Larval development requires 260 days (8 – 9 months). Once hatched the larvae, phyllosoma are widely dispersed by surface currents and drift helplessly near the ocean surface for 3 years or more. During this time they go through about 11 moult stages and feed mainly on jellyfish. Eventually they return to familiar environment and metamorphose into the little boy stage (puerulus). This transparent juvenile lobster closely resembles the adult and is an adept swimmer. It usually settles in shallow water kelp beds near the adult stocks. The juveniles moult many times a year for about 5 years after settlement, after which they become adults. The male increases in size by from only 2-5 mm per year, whereas the female by a mean 1 mm is a slow growth rate – sometimes no growth takes place in a year. The males are usually larger then females, but the females are broader then the males.
Feeding: The main food of the rock lobster are mussels, sea urchins, starfish and kelp, although they will eat almost any source of protein and are therefore regarded as scavengers. They can go without food for long periods and only feed under calm conditions.

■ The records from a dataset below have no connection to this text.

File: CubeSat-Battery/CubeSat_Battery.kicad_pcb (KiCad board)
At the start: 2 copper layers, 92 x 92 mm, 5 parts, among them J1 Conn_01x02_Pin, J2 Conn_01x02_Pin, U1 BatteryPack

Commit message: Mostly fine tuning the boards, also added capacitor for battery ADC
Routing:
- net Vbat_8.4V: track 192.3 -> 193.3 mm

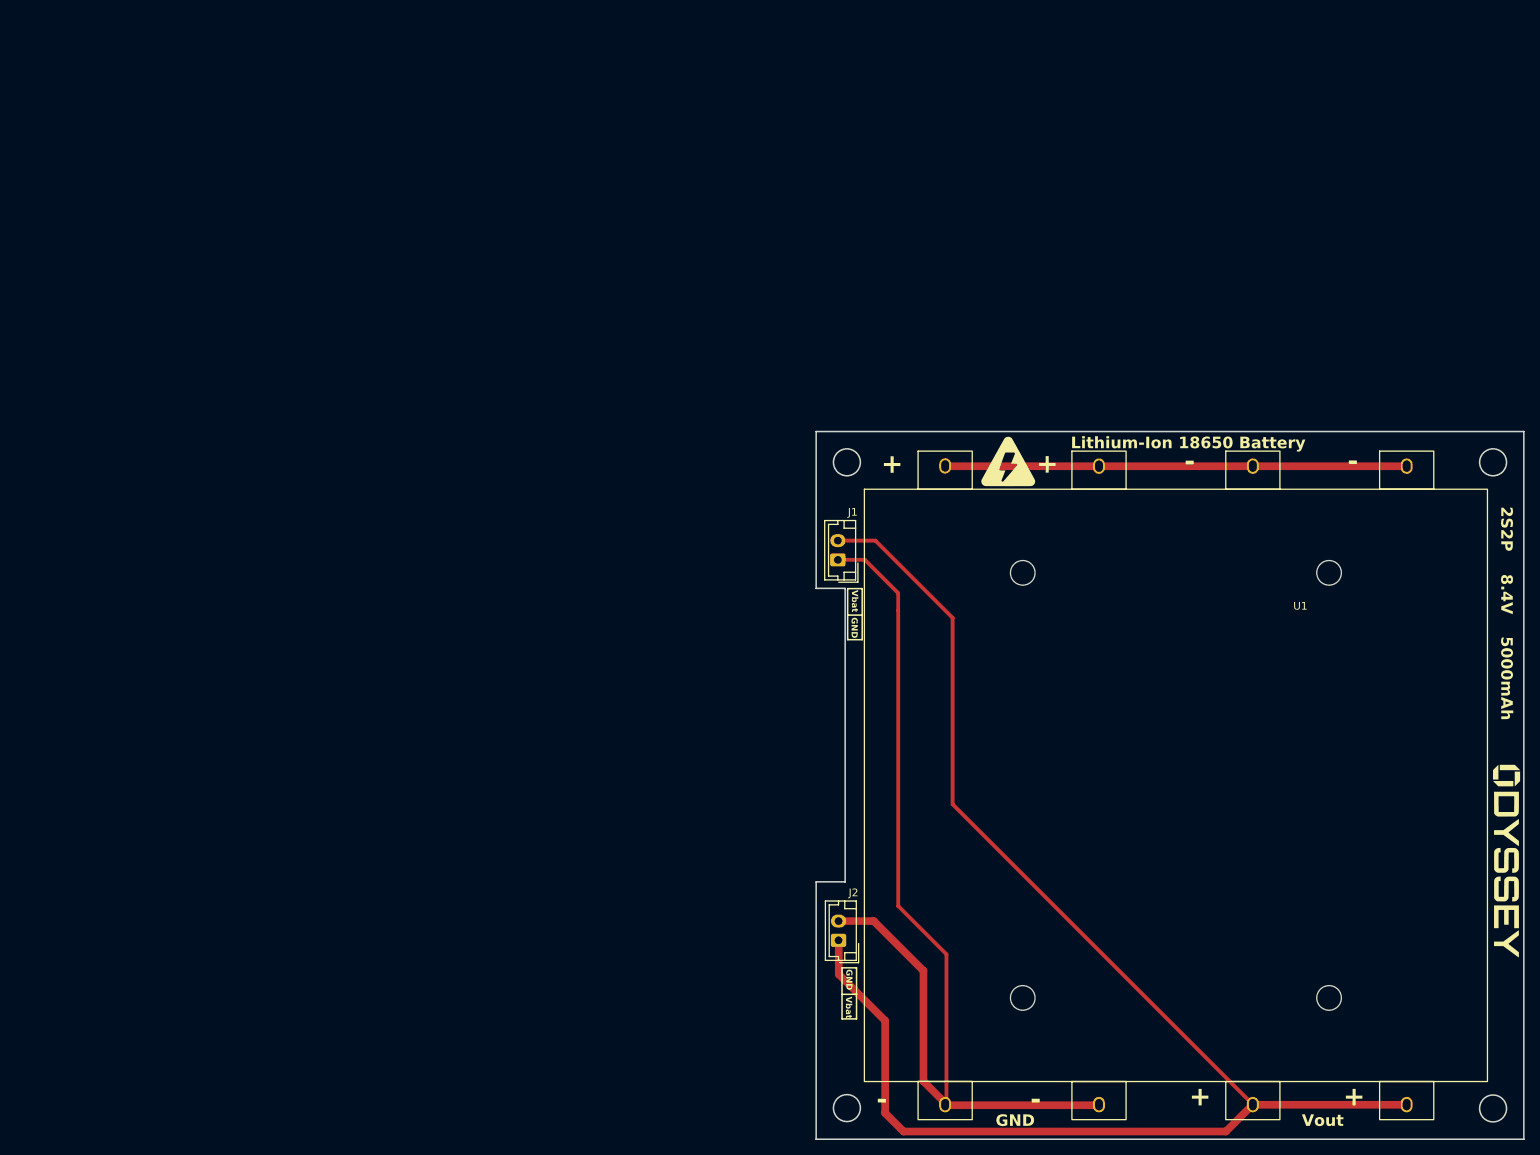
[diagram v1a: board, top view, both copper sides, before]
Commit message: Changing the size of all traces to fit the 1 mm requirement of the draft PCB
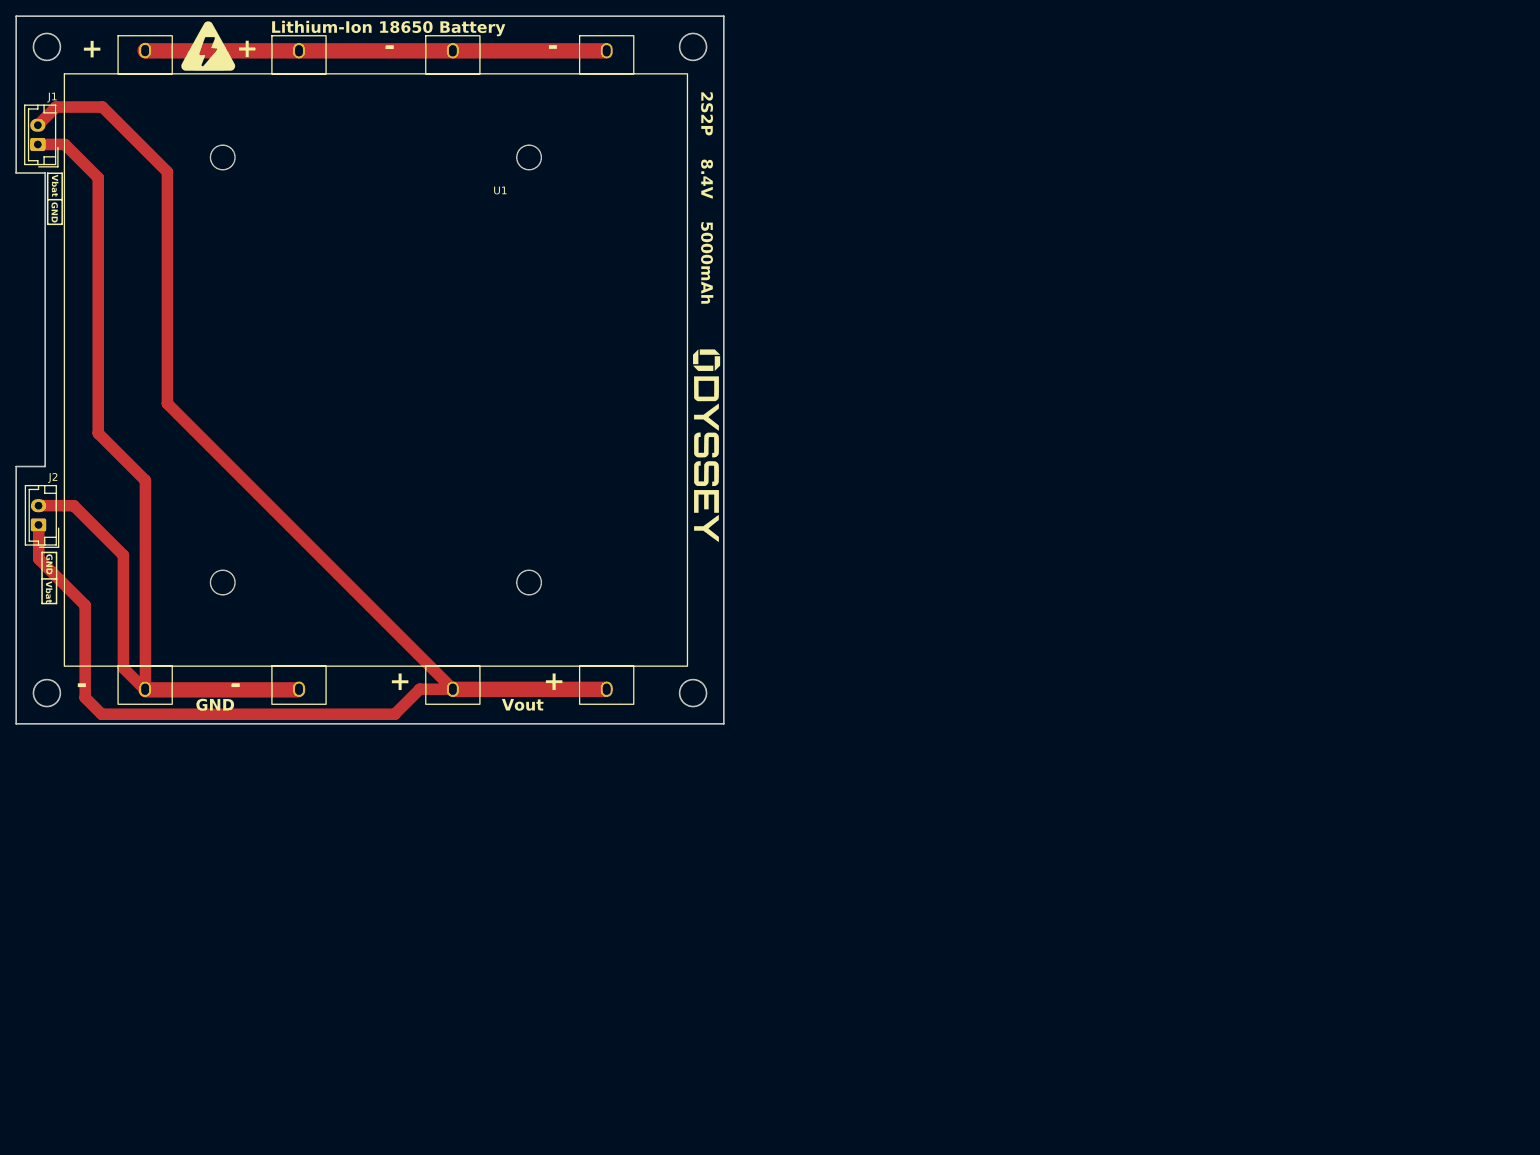
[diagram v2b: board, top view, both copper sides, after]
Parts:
- moved G*** 117.2 mm to (89.8, 55.9)
- moved G*** 117.2 mm to (25.0, 3.89)
- moved J1 117.2 mm to (2.82, 16.7)
- moved J2 117.2 mm to (2.91, 66.1)
- moved U1 117.2 mm to (46.8, 46.0)
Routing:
- net Vbat_8.4V: track 193.3 -> 198.6 mm
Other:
- outline, holes or cut-outs redrawn

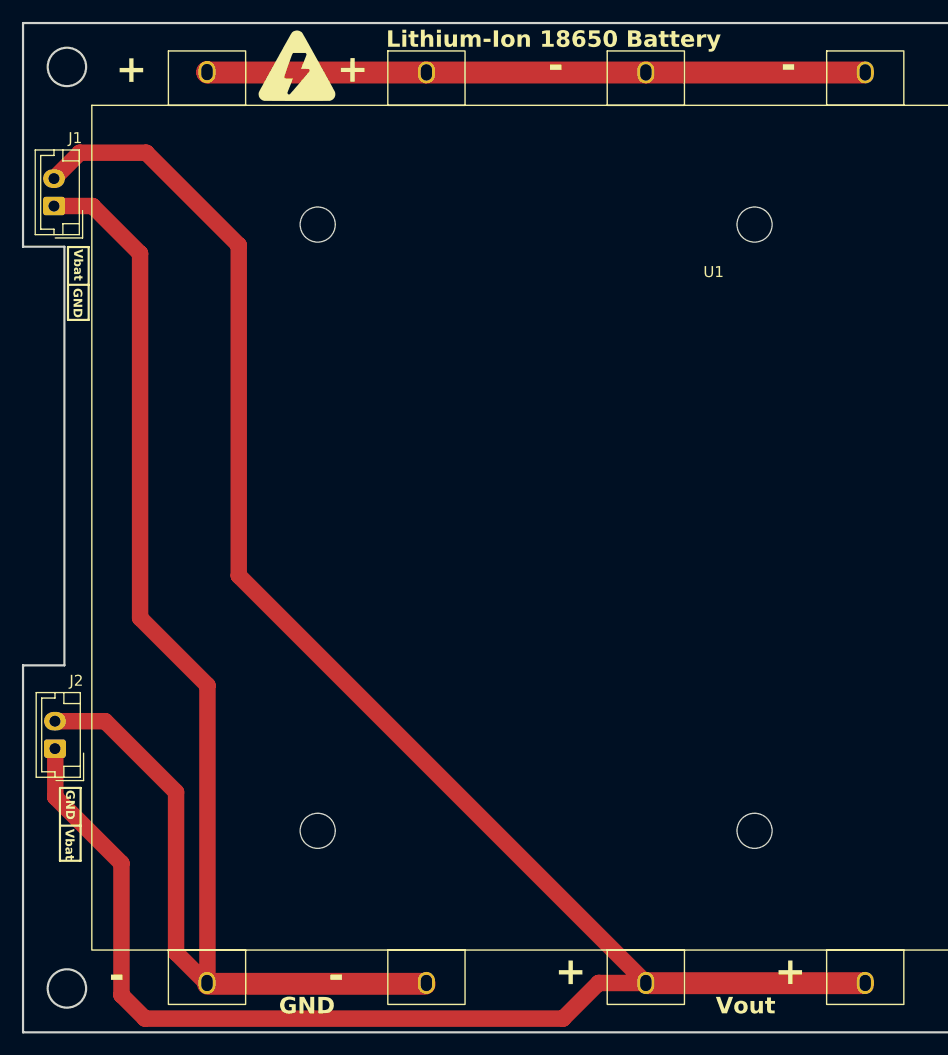
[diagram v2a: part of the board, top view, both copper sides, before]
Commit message: final version of the 3 PCBs, minor size changes for the protoypes
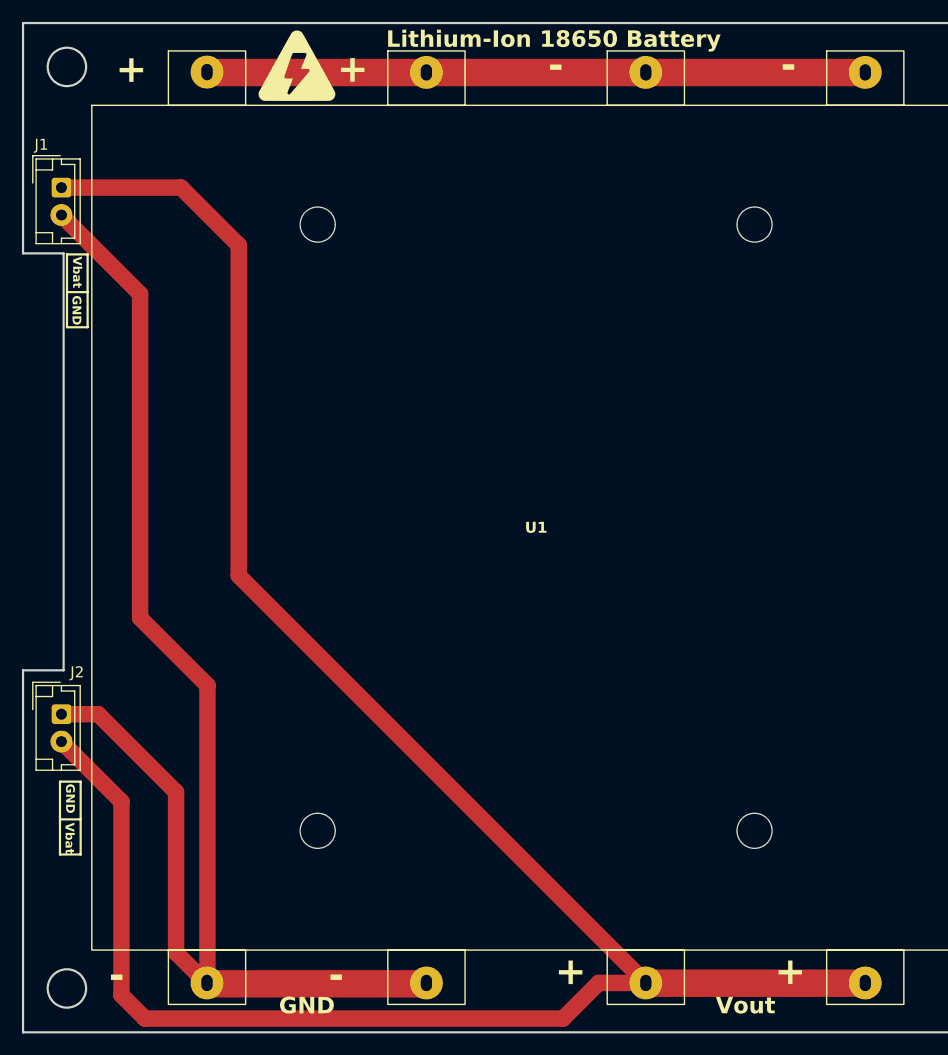
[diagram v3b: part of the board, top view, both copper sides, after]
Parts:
- moved J2 3.19 mm to (3.50, 63.0), turned to -90 degrees
- moved J1 1.81 mm to (3.50, 15.0), turned to -90 degrees
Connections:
- J1 pad 1: GND -> Vbat_8.4V
- J1 pad 2: Vbat_8.4V -> GND
- J2 pad 1: Vbat_8.4V -> GND
- J2 pad 2: GND -> Vbat_8.4V
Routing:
- net GND: track 130.9 -> 127.4 mm
- net Vbat_8.4V: track 198.6 -> 196.0 mm
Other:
- outline, holes or cut-outs redrawn

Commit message: final changes
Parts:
- G*** (x2), J1, J2, U1: moved to B.Cu
- moved G*** 87.5 mm to (2.25, 55.9)
- moved J1 85.5 mm to (89.0, 15.0)
- moved J2 85.5 mm to (89.0, 63.0)
- moved G*** 42.1 mm to (67.0, 3.89), turned to 180 degrees
- moved U1 0.77 mm to (46.0, 46.0), turned to 180 degrees
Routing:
- net GND: track 127.4 -> 128.1 mm
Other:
- outline, holes or cut-outs redrawn

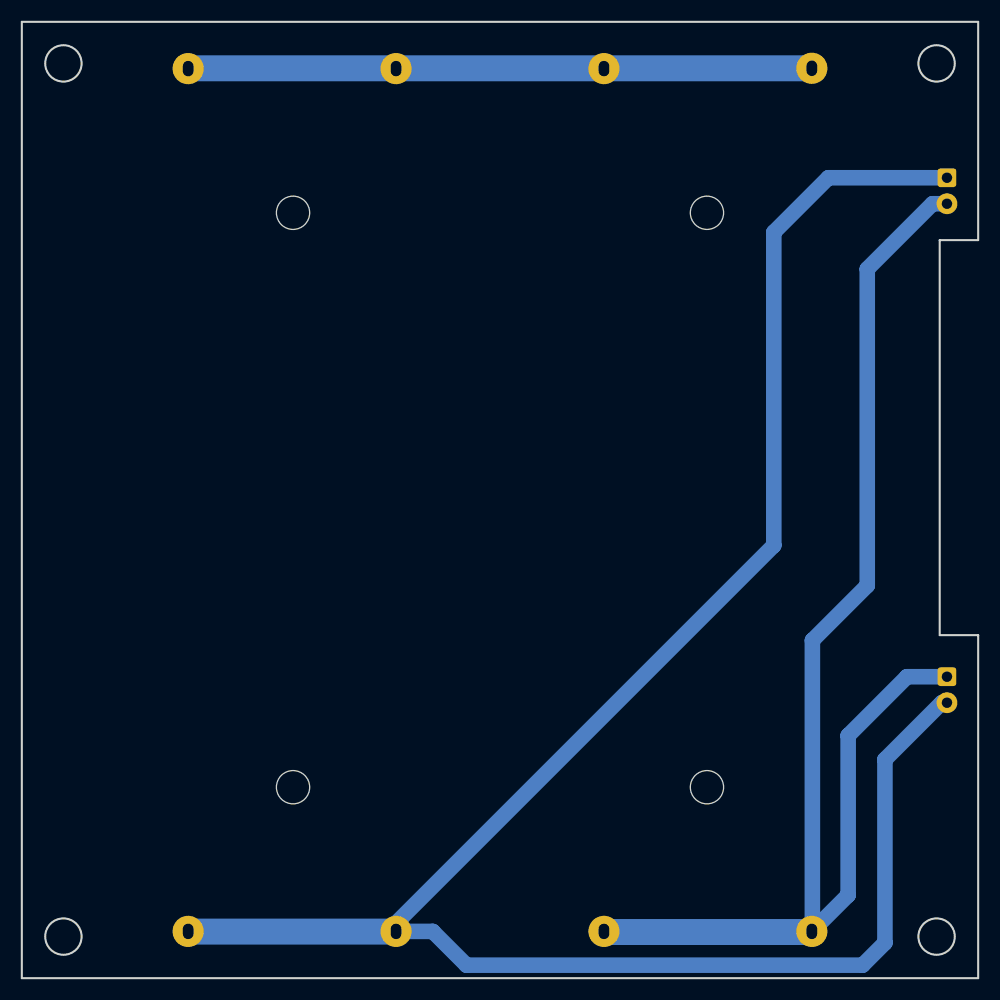
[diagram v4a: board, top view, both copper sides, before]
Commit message: version with the right hole setup
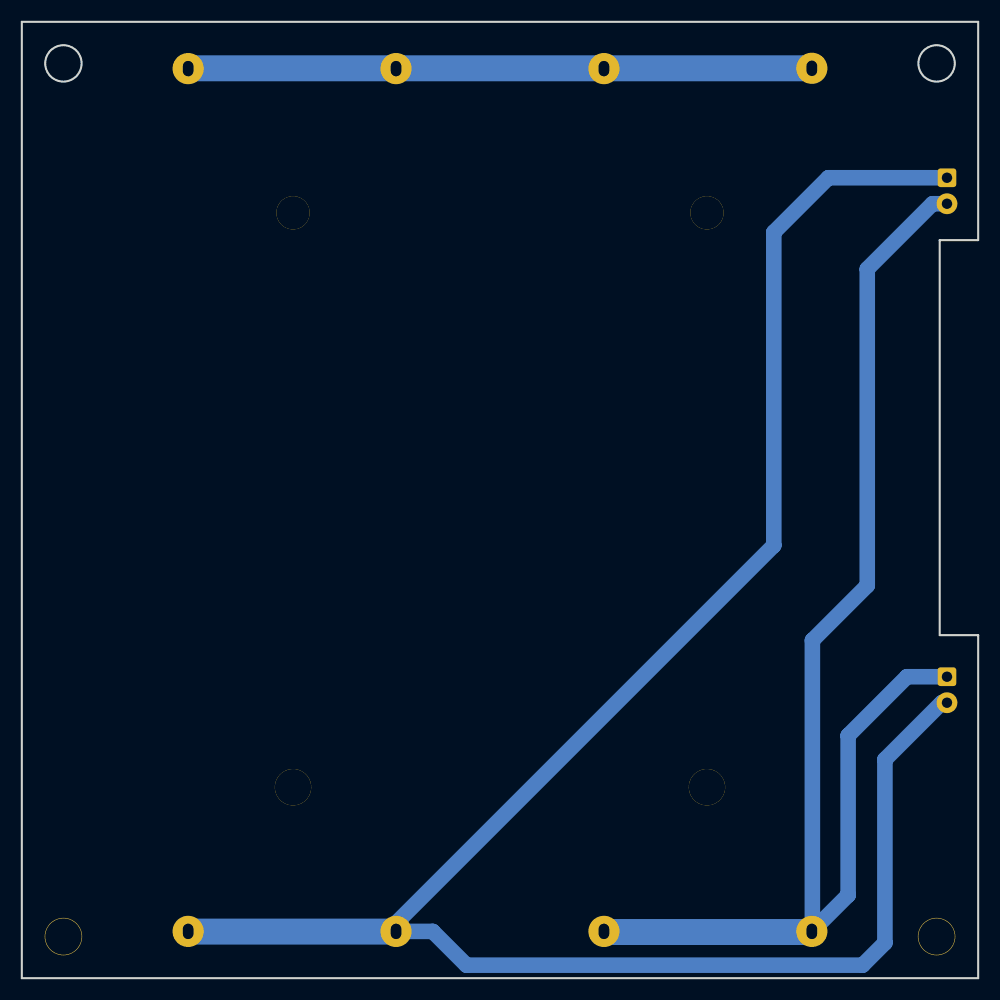
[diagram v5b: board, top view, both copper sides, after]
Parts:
- added ?: , , F.Cu at (89.6, 83.7)
- added ?: , , F.Cu at (-3.53, 3.66)
- added ?: , , F.Cu at (96.8, 4.16)
- added ?: , , F.Cu at (4.01, 88.0)
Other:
- outline, holes or cut-outs redrawn

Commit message: add new drill format
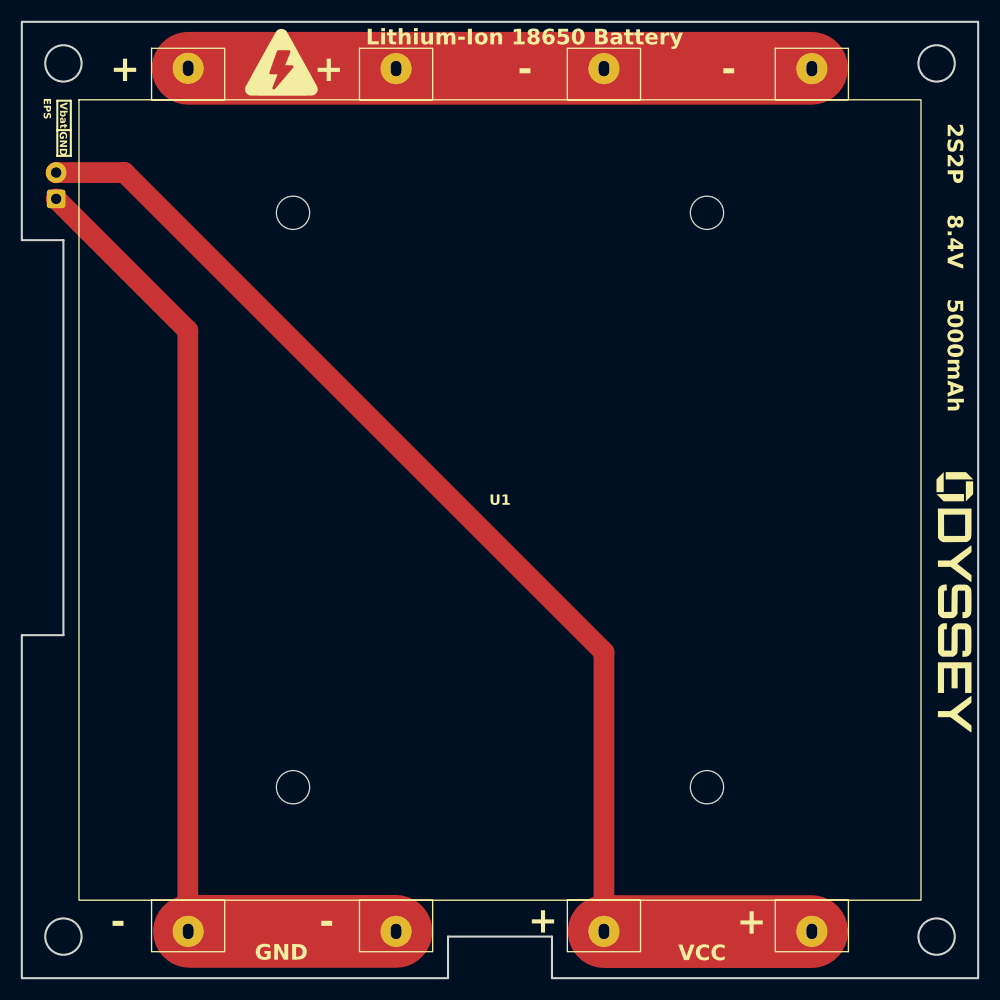
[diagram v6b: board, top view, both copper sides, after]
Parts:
- removed ? (x4): , 
- removed J2: Conn_01x02_Pin, Connector_JST:JST_EH_B2B-EH-A_1x02_P2.50mm_Vertical
- G*** (x2), U1: moved to F.Cu
- moved G*** 87.5 mm to (89.8, 55.9)
- moved J1 85.7 mm to (3.30, 17.0), turned to 90 degrees
- moved G*** 42.1 mm to (25.0, 3.89), turned to 0 degrees
- turned U1 to 0 degrees
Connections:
- J1 pad 1: Vbat_8.4V -> GND
- J1 pad 2: GND -> Vbat_8.4V
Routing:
- net Vbat_8.4V: track 196.3 -> 118.8 mm
- net GND: track 128.1 -> 95.7 mm
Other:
- outline, holes or cut-outs redrawn
- board text added: "EPS"
- board text added: "VCC"
- board text removed: "Vout"

Normally the Crayfish season starts middle November through to April. Recreational fisherman may buy a license from the Post Office and take out four crayfish per day which may not be sold.
Speciality species: Heaviside’s dolphin is endemic to the west coast of southern Africa, with a range from Cape Point north to southern Angola. Lambert’s Bay is widely acknowledged as the best place to see this species, year-round in small groups.
Regular Species: Dusky Dolphin (year-round), Southern Right Whale (seasonally common, August – November), Humback Whale (occasional on migration, June/July and October/November).
Occasional Species: Although boat trips within the bay have not encountered other species, Bryde’s and Killer Whales, and common dolphins may possibly seen from nearby coastal headlands.
Heaviside’s Dolphin can be found anywhere along the bay. A good spot is on the beach in front of Lambert’s Bay Caravan Park, where it is possible to climb up the dune and sit directly in front of the park fence to gain a little eye height. Heavyside’s dolphins come quite close to shore here (often 50-500 metres), and have been seen just beyond the kelp beds off the caravan park. Binoculars scans along the surf zone further up the beach may produce dolphins. Scan out beyond Bird Island and the harbour breakwater for the blows of Southern Right Whales, which can also be seen within the bay right up to the surf zone.
An MTN Cape Whale Route lookout post is situated on the western edge of the town on the road to Elands Bay. This point is an excellent location to view passing Right Whales and other pelagic species including occasional migrating Humpback Whales and various dolphins.
A further accessible site is Elands Bay about 25 km to the south of Lambert’s Bay. It is a beautiful spot and very popular with surfers – beyond the surf zone you are likely to see the blows, backs and tail flukes of meandering Southern Right Whales. Heaviside’s, Dusky and Common dolphins are also seen around this bay.